In an increasingly digital world, it is unacceptable to continue working on paper especially because, at the end of the process, all paper documentation must be digitised for archiving needs. Today, in fact, both the museums and the warehouses of the archaeological companies have less space available for the storage of paper folders. At this point, it would be beneficial to manage the data in a digital format at the beginning of the excavation process, immediately saving time and resources.
Scanning the PDF documents of registers, context sheets and, in general, all documentation produced on site is not a practical and sustainable solution. As previously mentioned, often, this documentation in extensive excavation projects is made up of thousands of paperwork sheets; I challenge anyone to reconstruct an excavation matrix by checking all the stratigraphic reports on the paperwork PDF scan. This kind of job forces you to continually scroll up and down the PDF document in search of the relationships between the various contexts, resulting in a significant waste of time and energy; without any regards to the costs that are involved when scanning in thousands of sheets.
Archaeological excavations are constantly driven by strict and increasingly shorter deadlines. The use of GIS for the management of excavation data can no longer be ignored. Currently, the possibility of an “Open Source” and a “pocket” GIS platform, such as Qfield, truly represents a unique opportunity to make the work of archaeologists on site easier, faster and more accurate.
As previously mentioned, it is much easier to build the matrix and compile the phasing of the archaeological features identified working with a digital system during the Post-Ex phase.
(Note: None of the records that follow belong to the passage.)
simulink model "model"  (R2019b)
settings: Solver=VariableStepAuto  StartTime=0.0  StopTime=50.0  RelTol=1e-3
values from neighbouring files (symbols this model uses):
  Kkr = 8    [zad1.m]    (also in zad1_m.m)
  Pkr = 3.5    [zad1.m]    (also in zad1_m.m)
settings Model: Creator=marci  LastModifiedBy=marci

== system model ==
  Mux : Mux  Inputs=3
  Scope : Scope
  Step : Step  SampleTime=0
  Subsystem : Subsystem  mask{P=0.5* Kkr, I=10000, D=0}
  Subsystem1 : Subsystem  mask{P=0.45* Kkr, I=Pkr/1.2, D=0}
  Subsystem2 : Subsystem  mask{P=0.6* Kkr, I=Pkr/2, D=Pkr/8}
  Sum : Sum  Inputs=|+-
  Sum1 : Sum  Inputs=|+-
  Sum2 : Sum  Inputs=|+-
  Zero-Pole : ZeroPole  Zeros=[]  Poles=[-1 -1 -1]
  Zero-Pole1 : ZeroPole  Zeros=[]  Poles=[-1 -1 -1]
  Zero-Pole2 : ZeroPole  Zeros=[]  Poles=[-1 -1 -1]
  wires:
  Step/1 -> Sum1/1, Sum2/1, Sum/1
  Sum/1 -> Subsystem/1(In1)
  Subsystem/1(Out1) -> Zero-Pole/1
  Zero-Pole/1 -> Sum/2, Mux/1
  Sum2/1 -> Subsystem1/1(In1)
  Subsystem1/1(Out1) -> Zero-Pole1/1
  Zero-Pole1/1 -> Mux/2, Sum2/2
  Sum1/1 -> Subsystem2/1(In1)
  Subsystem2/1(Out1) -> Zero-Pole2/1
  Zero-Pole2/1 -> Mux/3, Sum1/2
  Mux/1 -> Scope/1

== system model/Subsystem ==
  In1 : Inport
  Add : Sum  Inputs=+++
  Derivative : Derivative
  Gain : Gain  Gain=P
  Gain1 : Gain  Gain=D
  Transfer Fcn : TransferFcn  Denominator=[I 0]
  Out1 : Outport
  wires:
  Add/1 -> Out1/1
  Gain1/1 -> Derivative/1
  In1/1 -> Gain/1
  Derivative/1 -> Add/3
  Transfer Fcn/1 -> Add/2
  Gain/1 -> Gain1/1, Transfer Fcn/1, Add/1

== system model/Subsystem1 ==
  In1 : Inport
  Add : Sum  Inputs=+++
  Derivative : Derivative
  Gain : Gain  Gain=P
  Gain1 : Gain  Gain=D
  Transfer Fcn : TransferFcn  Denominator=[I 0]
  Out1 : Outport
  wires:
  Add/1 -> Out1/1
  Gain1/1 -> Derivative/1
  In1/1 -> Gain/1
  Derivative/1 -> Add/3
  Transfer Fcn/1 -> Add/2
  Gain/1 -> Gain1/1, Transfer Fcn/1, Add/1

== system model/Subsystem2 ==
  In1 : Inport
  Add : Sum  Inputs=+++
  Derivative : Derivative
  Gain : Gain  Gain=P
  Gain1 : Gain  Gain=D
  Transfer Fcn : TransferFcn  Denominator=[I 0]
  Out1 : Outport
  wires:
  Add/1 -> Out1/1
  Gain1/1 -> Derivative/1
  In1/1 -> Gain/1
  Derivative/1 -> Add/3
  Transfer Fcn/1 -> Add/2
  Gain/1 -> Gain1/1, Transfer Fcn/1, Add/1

Thus, only an instrument such as GIS, which gives us the possibility of launching queries and continuously cross-referencing data, allows us to perform this type of work quickly and efficiently.
At the same time, the GIS allows us to have a continuous overview of the data produced on site and to further implement information regarding the investigation by using geospatial analysis, which helps to facilitate the final interpretative reconstruction.
In short, the principle of paper lasting forever cannot be accepted any more. Primarily, because it is not true, and secondly, it deteriorates over time, especially when, as in most cases, it is kept in the basements of archives, museums or sites of archaeological companies.
In addition, paper documents entail enormous logistical difficulties in terms of sharing and consulting data, in comparison to digital documentation, which can be easily shared.